Inaugural Yearbook Poems
Yes, yes, yes, I am so happy and relieved for our American friends to be done with that whole dystopian presidential nightmare, and I got the good feels at the daylong party, and I was so happy that the poet lady said that whole poem that made everyone all warm and feely. However, I am going to say something that would probably get me a sock-full of dogshit to the face if I voiced it in public: I just don't find the poem all that great. Like the message was wonderful, and accessible, and maybe that's all we really needed, but in the back of my head, it just seems so smart-kid high schooly, like it would be written by the valedictorian who is dreaming of getting out of their stinktown and going on to greater things (and really, they will, but their poetry writing days will be left as soon as they get their last report card and head off for university). It was just a little too much Kumbaya and shit for me. Maybe I studied poetry too long and now have some distorted view that if you can understand it right away, it ain't good. Like, where's the gritty metaphors and shit? And I know it wouldn't be appropriate for an inauguration poem to be all, like, I dunno, Sylvia Plath's "Daddy" with like German/Nazi darkness embedded in it, but make the people think a little.

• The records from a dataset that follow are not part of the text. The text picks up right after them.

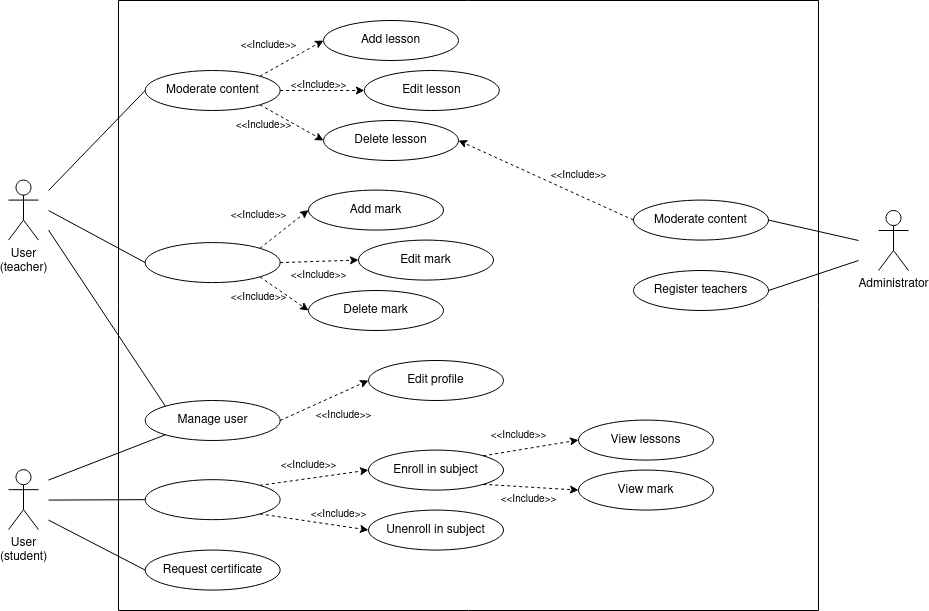

The diagram above was exported from draw.io. Its source (the exported page's mxGraphModel, read from the mxfile embedded in the PNG):
<mxGraphModel dx="2441" dy="534" grid="1" gridSize="10" guides="1" tooltips="1" connect="1" arrows="1" fold="1" page="1" pageScale="1" pageWidth="850" pageHeight="1100" math="0" shadow="0">
  <root>
    <mxCell id="0" />
    <mxCell id="1" parent="0" />
    <mxCell id="0W6gJoOexlqd4qhcjGrl-3" value="" style="swimlane;startSize=0;" parent="1" vertex="1">
      <mxGeometry x="-340" y="80" width="700" height="610" as="geometry" />
    </mxCell>
    <mxCell id="0W6gJoOexlqd4qhcjGrl-7" value="Add mark" style="ellipse;whiteSpace=wrap;html=1;" parent="0W6gJoOexlqd4qhcjGrl-3" vertex="1">
      <mxGeometry x="190" y="189.57999999999998" width="135" height="40" as="geometry" />
    </mxCell>
    <mxCell id="0W6gJoOexlqd4qhcjGrl-10" value="Moderate content" style="ellipse;whiteSpace=wrap;html=1;" parent="0W6gJoOexlqd4qhcjGrl-3" vertex="1">
      <mxGeometry x="515" y="199.57999999999998" width="135" height="40" as="geometry" />
    </mxCell>
    <mxCell id="0W6gJoOexlqd4qhcjGrl-4" value="Delete lesson" style="ellipse;whiteSpace=wrap;html=1;" parent="0W6gJoOexlqd4qhcjGrl-3" vertex="1">
      <mxGeometry x="205" y="120" width="135" height="40" as="geometry" />
    </mxCell>
    <mxCell id="0W6gJoOexlqd4qhcjGrl-6" value="" style="ellipse;whiteSpace=wrap;html=1;" parent="0W6gJoOexlqd4qhcjGrl-3" vertex="1">
      <mxGeometry x="26.67" y="242.07999999999998" width="135" height="40" as="geometry" />
    </mxCell>
    <mxCell id="0W6gJoOexlqd4qhcjGrl-12" style="edgeStyle=orthogonalEdgeStyle;rounded=0;orthogonalLoop=1;jettySize=auto;html=1;exitX=0.5;exitY=1;exitDx=0;exitDy=0;" parent="0W6gJoOexlqd4qhcjGrl-3" edge="1">
      <mxGeometry relative="1" as="geometry">
        <mxPoint x="176.67000000000002" y="399.58" as="sourcePoint" />
        <mxPoint x="176.67000000000002" y="399.58" as="targetPoint" />
      </mxGeometry>
    </mxCell>
    <mxCell id="0W6gJoOexlqd4qhcjGrl-14" value="" style="endArrow=none;html=1;rounded=0;entryX=0;entryY=0.5;entryDx=0;entryDy=0;" parent="0W6gJoOexlqd4qhcjGrl-3" target="0W6gJoOexlqd4qhcjGrl-6" edge="1">
      <mxGeometry width="50" height="50" relative="1" as="geometry">
        <mxPoint x="-70" y="210" as="sourcePoint" />
        <mxPoint x="-58.329999999999984" y="180" as="targetPoint" />
      </mxGeometry>
    </mxCell>
    <mxCell id="0W6gJoOexlqd4qhcjGrl-21" value="Manage user" style="ellipse;whiteSpace=wrap;html=1;" parent="0W6gJoOexlqd4qhcjGrl-3" vertex="1">
      <mxGeometry x="26.670000000000016" y="400" width="135" height="40" as="geometry" />
    </mxCell>
    <mxCell id="0W6gJoOexlqd4qhcjGrl-22" value="Edit lesson" style="ellipse;whiteSpace=wrap;html=1;" parent="0W6gJoOexlqd4qhcjGrl-3" vertex="1">
      <mxGeometry x="245.82999999999998" y="70" width="135" height="40" as="geometry" />
    </mxCell>
    <mxCell id="0W6gJoOexlqd4qhcjGrl-25" value="" style="endArrow=classic;dashed=1;html=1;rounded=0;exitX=1;exitY=0;exitDx=0;exitDy=0;entryX=0;entryY=0.5;entryDx=0;entryDy=0;endFill=1;" parent="0W6gJoOexlqd4qhcjGrl-3" source="PmDatJBdfBsfY7CDZ15z-94" target="PmDatJBdfBsfY7CDZ15z-90" edge="1">
      <mxGeometry width="50" height="50" relative="1" as="geometry">
        <mxPoint x="150.00000000000006" y="145" as="sourcePoint" />
        <mxPoint x="295.83" y="135.42000000000002" as="targetPoint" />
      </mxGeometry>
    </mxCell>
    <mxCell id="0W6gJoOexlqd4qhcjGrl-27" value="Edit profile" style="ellipse;whiteSpace=wrap;html=1;" parent="0W6gJoOexlqd4qhcjGrl-3" vertex="1">
      <mxGeometry x="250" y="360" width="135" height="40" as="geometry" />
    </mxCell>
    <mxCell id="0W6gJoOexlqd4qhcjGrl-28" value="" style="endArrow=classic;dashed=1;html=1;rounded=0;exitX=1;exitY=0.5;exitDx=0;exitDy=0;entryX=0;entryY=0.5;entryDx=0;entryDy=0;endFill=1;" parent="0W6gJoOexlqd4qhcjGrl-3" source="0W6gJoOexlqd4qhcjGrl-21" target="0W6gJoOexlqd4qhcjGrl-27" edge="1">
      <mxGeometry width="50" height="50" relative="1" as="geometry">
        <mxPoint x="180" y="420.41999999999996" as="sourcePoint" />
        <mxPoint x="258" y="390.41999999999996" as="targetPoint" />
      </mxGeometry>
    </mxCell>
    <mxCell id="0W6gJoOexlqd4qhcjGrl-29" value="&lt;font style=&quot;font-size: 10px;&quot;&gt;&amp;lt;&amp;lt;Include&amp;gt;&amp;gt;&lt;/font&gt;" style="text;html=1;align=center;verticalAlign=middle;resizable=0;points=[];autosize=1;strokeColor=none;fillColor=none;" parent="0W6gJoOexlqd4qhcjGrl-3" vertex="1">
      <mxGeometry x="185" y="399.99999999999994" width="80" height="30" as="geometry" />
    </mxCell>
    <mxCell id="0W6gJoOexlqd4qhcjGrl-30" value="Register teachers" style="ellipse;whiteSpace=wrap;html=1;" parent="0W6gJoOexlqd4qhcjGrl-3" vertex="1">
      <mxGeometry x="515" y="270" width="135" height="40" as="geometry" />
    </mxCell>
    <mxCell id="0W6gJoOexlqd4qhcjGrl-33" value="" style="endArrow=classic;dashed=1;html=1;rounded=0;entryX=1;entryY=0.5;entryDx=0;entryDy=0;endFill=1;exitX=0;exitY=0.5;exitDx=0;exitDy=0;" parent="0W6gJoOexlqd4qhcjGrl-3" source="0W6gJoOexlqd4qhcjGrl-10" target="0W6gJoOexlqd4qhcjGrl-4" edge="1">
      <mxGeometry width="50" height="50" relative="1" as="geometry">
        <mxPoint x="490" y="230" as="sourcePoint" />
        <mxPoint x="325" y="319.58" as="targetPoint" />
      </mxGeometry>
    </mxCell>
    <mxCell id="0W6gJoOexlqd4qhcjGrl-18" value="" style="endArrow=none;html=1;rounded=0;exitX=1;exitY=0.5;exitDx=0;exitDy=0;" parent="0W6gJoOexlqd4qhcjGrl-3" source="0W6gJoOexlqd4qhcjGrl-10" edge="1">
      <mxGeometry width="50" height="50" relative="1" as="geometry">
        <mxPoint x="690" y="270" as="sourcePoint" />
        <mxPoint x="740" y="240" as="targetPoint" />
      </mxGeometry>
    </mxCell>
    <mxCell id="0W6gJoOexlqd4qhcjGrl-1" value="&lt;div&gt;User&lt;/div&gt;&lt;div&gt;(teacher)&lt;/div&gt;" style="shape=umlActor;verticalLabelPosition=bottom;verticalAlign=top;html=1;outlineConnect=0;fontStyle=0" parent="0W6gJoOexlqd4qhcjGrl-3" vertex="1">
      <mxGeometry x="-110" y="179.57999999999998" width="30" height="60" as="geometry" />
    </mxCell>
    <mxCell id="Si5XLK85sMRGSSwziiNm-2" value="" style="endArrow=none;html=1;rounded=0;entryX=0;entryY=0;entryDx=0;entryDy=0;" parent="0W6gJoOexlqd4qhcjGrl-3" target="0W6gJoOexlqd4qhcjGrl-21" edge="1">
      <mxGeometry width="50" height="50" relative="1" as="geometry">
        <mxPoint x="-70" y="229.57999999999998" as="sourcePoint" />
        <mxPoint x="-70" y="370" as="targetPoint" />
      </mxGeometry>
    </mxCell>
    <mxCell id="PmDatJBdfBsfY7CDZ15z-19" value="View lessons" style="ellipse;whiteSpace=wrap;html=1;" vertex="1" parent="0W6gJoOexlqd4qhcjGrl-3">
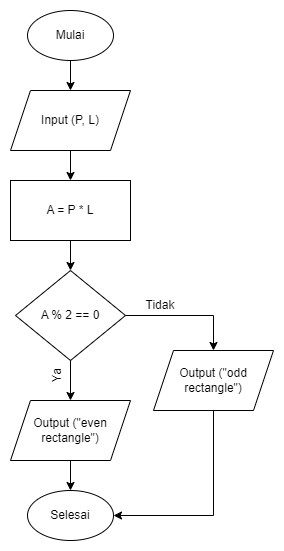

The diagram above was exported from draw.io. Its source (the exported page's mxGraphModel, read from the mxfile embedded in the PNG):
<mxGraphModel dx="794" dy="412" grid="1" gridSize="10" guides="1" tooltips="1" connect="1" arrows="1" fold="1" page="1" pageScale="1" pageWidth="827" pageHeight="1169" math="0" shadow="0">
  <root>
    <mxCell id="0" />
    <mxCell id="1" parent="0" />
    <mxCell id="foYF7-K8FR9pFz4v4eZi-1" value="Mulai" style="ellipse;whiteSpace=wrap;html=1;" vertex="1" parent="1">
      <mxGeometry x="354" y="40" width="86" height="50" as="geometry" />
    </mxCell>
    <mxCell id="5soiDSyGqV5s2bMp49bz-1" value="Input (P, L)" style="shape=parallelogram;perimeter=parallelogramPerimeter;whiteSpace=wrap;html=1;fixedSize=1;" vertex="1" parent="1">
      <mxGeometry x="337" y="120" width="120" height="60" as="geometry" />
    </mxCell>
    <mxCell id="5soiDSyGqV5s2bMp49bz-2" value="" style="endArrow=classic;html=1;rounded=0;exitX=0.5;exitY=1;exitDx=0;exitDy=0;entryX=0.5;entryY=0;entryDx=0;entryDy=0;" edge="1" parent="1" source="foYF7-K8FR9pFz4v4eZi-1" target="5soiDSyGqV5s2bMp49bz-1">
      <mxGeometry width="50" height="50" relative="1" as="geometry">
        <mxPoint x="380" y="240" as="sourcePoint" />
        <mxPoint x="430" y="190" as="targetPoint" />
      </mxGeometry>
    </mxCell>
    <mxCell id="oBlZUIgpw3ci0Wm8LKzf-1" value="A = P * L" style="rounded=0;whiteSpace=wrap;html=1;" vertex="1" parent="1">
      <mxGeometry x="337" y="210" width="120" height="60" as="geometry" />
    </mxCell>
    <mxCell id="oBlZUIgpw3ci0Wm8LKzf-2" value="" style="endArrow=classic;html=1;rounded=0;exitX=0.5;exitY=1;exitDx=0;exitDy=0;entryX=0.5;entryY=0;entryDx=0;entryDy=0;" edge="1" parent="1" source="5soiDSyGqV5s2bMp49bz-1" target="oBlZUIgpw3ci0Wm8LKzf-1">
      <mxGeometry width="50" height="50" relative="1" as="geometry">
        <mxPoint x="380" y="240" as="sourcePoint" />
        <mxPoint x="430" y="190" as="targetPoint" />
      </mxGeometry>
    </mxCell>
    <mxCell id="oBlZUIgpw3ci0Wm8LKzf-6" value="" style="endArrow=classic;html=1;rounded=0;exitX=0.5;exitY=1;exitDx=0;exitDy=0;entryX=0.5;entryY=0;entryDx=0;entryDy=0;" edge="1" parent="1" source="oBlZUIgpw3ci0Wm8LKzf-1" target="oBlZUIgpw3ci0Wm8LKzf-7">
      <mxGeometry width="50" height="50" relative="1" as="geometry">
        <mxPoint x="380" y="340" as="sourcePoint" />
        <mxPoint x="400" y="310" as="targetPoint" />
      </mxGeometry>
    </mxCell>
    <mxCell id="oBlZUIgpw3ci0Wm8LKzf-7" value="A % 2 == 0" style="rhombus;whiteSpace=wrap;html=1;" vertex="1" parent="1">
      <mxGeometry x="342" y="300" width="110" height="90" as="geometry" />
    </mxCell>
    <mxCell id="oBlZUIgpw3ci0Wm8LKzf-8" value="Output (&quot;even rectangle&quot;)" style="shape=parallelogram;perimeter=parallelogramPerimeter;whiteSpace=wrap;html=1;fixedSize=1;" vertex="1" parent="1">
      <mxGeometry x="337" y="430" width="120" height="60" as="geometry" />
    </mxCell>
    <mxCell id="oBlZUIgpw3ci0Wm8LKzf-9" value="" style="endArrow=classic;html=1;rounded=0;exitX=0.5;exitY=1;exitDx=0;exitDy=0;entryX=0.5;entryY=0;entryDx=0;entryDy=0;" edge="1" parent="1" source="oBlZUIgpw3ci0Wm8LKzf-7" target="oBlZUIgpw3ci0Wm8LKzf-8">
      <mxGeometry width="50" height="50" relative="1" as="geometry">
        <mxPoint x="380" y="440" as="sourcePoint" />
        <mxPoint x="430" y="390" as="targetPoint" />
      </mxGeometry>
    </mxCell>
    <mxCell id="oBlZUIgpw3ci0Wm8LKzf-10" value="Ya" style="text;html=1;align=center;verticalAlign=middle;whiteSpace=wrap;rounded=0;rotation=-90;" vertex="1" parent="1">
      <mxGeometry x="366" y="390" width="36" height="30" as="geometry" />
    </mxCell>
    <mxCell id="oBlZUIgpw3ci0Wm8LKzf-11" value="" style="endArrow=classic;html=1;rounded=0;exitX=1;exitY=0.5;exitDx=0;exitDy=0;entryX=0.5;entryY=0;entryDx=0;entryDy=0;" edge="1" parent="1" source="oBlZUIgpw3ci0Wm8LKzf-7" target="oBlZUIgpw3ci0Wm8LKzf-12">
      <mxGeometry width="50" height="50" relative="1" as="geometry">
        <mxPoint x="380" y="440" as="sourcePoint" />
        <mxPoint x="510" y="350" as="targetPoint" />
        <Array as="points">
          <mxPoint x="540" y="345" />
        </Array>
      </mxGeometry>
    </mxCell>
    <mxCell id="oBlZUIgpw3ci0Wm8LKzf-12" value="Output (&quot;odd rectangle&quot;)" style="shape=parallelogram;perimeter=parallelogramPerimeter;whiteSpace=wrap;html=1;fixedSize=1;" vertex="1" parent="1">
      <mxGeometry x="480" y="380" width="120" height="60" as="geometry" />
    </mxCell>
    <mxCell id="oBlZUIgpw3ci0Wm8LKzf-13" value="Tidak" style="text;html=1;align=center;verticalAlign=middle;whiteSpace=wrap;rounded=0;" vertex="1" parent="1">
      <mxGeometry x="457" y="320" width="60" height="30" as="geometry" />
    </mxCell>
    <mxCell id="oBlZUIgpw3ci0Wm8LKzf-14" value="Selesai" style="ellipse;whiteSpace=wrap;html=1;" vertex="1" parent="1">
      <mxGeometry x="354" y="520" width="86" height="50" as="geometry" />
    </mxCell>
    <mxCell id="oBlZUIgpw3ci0Wm8LKzf-15" value="" style="endArrow=classic;html=1;rounded=0;exitX=0.5;exitY=1;exitDx=0;exitDy=0;entryX=0.5;entryY=0;entryDx=0;entryDy=0;" edge="1" parent="1" source="oBlZUIgpw3ci0Wm8LKzf-8" target="oBlZUIgpw3ci0Wm8LKzf-14">
      <mxGeometry width="50" height="50" relative="1" as="geometry">
        <mxPoint x="380" y="440" as="sourcePoint" />
        <mxPoint x="430" y="390" as="targetPoint" />
      </mxGeometry>
    </mxCell>
    <mxCell id="oBlZUIgpw3ci0Wm8LKzf-16" value="" style="endArrow=classic;html=1;rounded=0;exitX=0.5;exitY=1;exitDx=0;exitDy=0;entryX=1;entryY=0.5;entryDx=0;entryDy=0;" edge="1" parent="1" source="oBlZUIgpw3ci0Wm8LKzf-12" target="oBlZUIgpw3ci0Wm8LKzf-14">
      <mxGeometry width="50" height="50" relative="1" as="geometry">
        <mxPoint x="380" y="440" as="sourcePoint" />
        <mxPoint x="430" y="390" as="targetPoint" />
        <Array as="points">
          <mxPoint x="540" y="545" />
        </Array>
      </mxGeometry>
    </mxCell>
  </root>
</mxGraphModel>

I remember when Maya Angelou (yeah yeah Oprah, I mean "Dr Maya Angelou") was the poet person for Clinton or whoever, and she did that Benediction of the Morning poem, and while it's basically the same theme and says the same thing, it is at least something that made you think to really fully sink in - or maybe it was her lullaby speaking voice - I could never understand a word she said, but it sounded beautiful, because she sort of sang her words when reading - but whatever it was, there was a layer to it.
So I'm not bah-humbug all over the place with her, but it didn't wow me.
Now let's never speak of this again.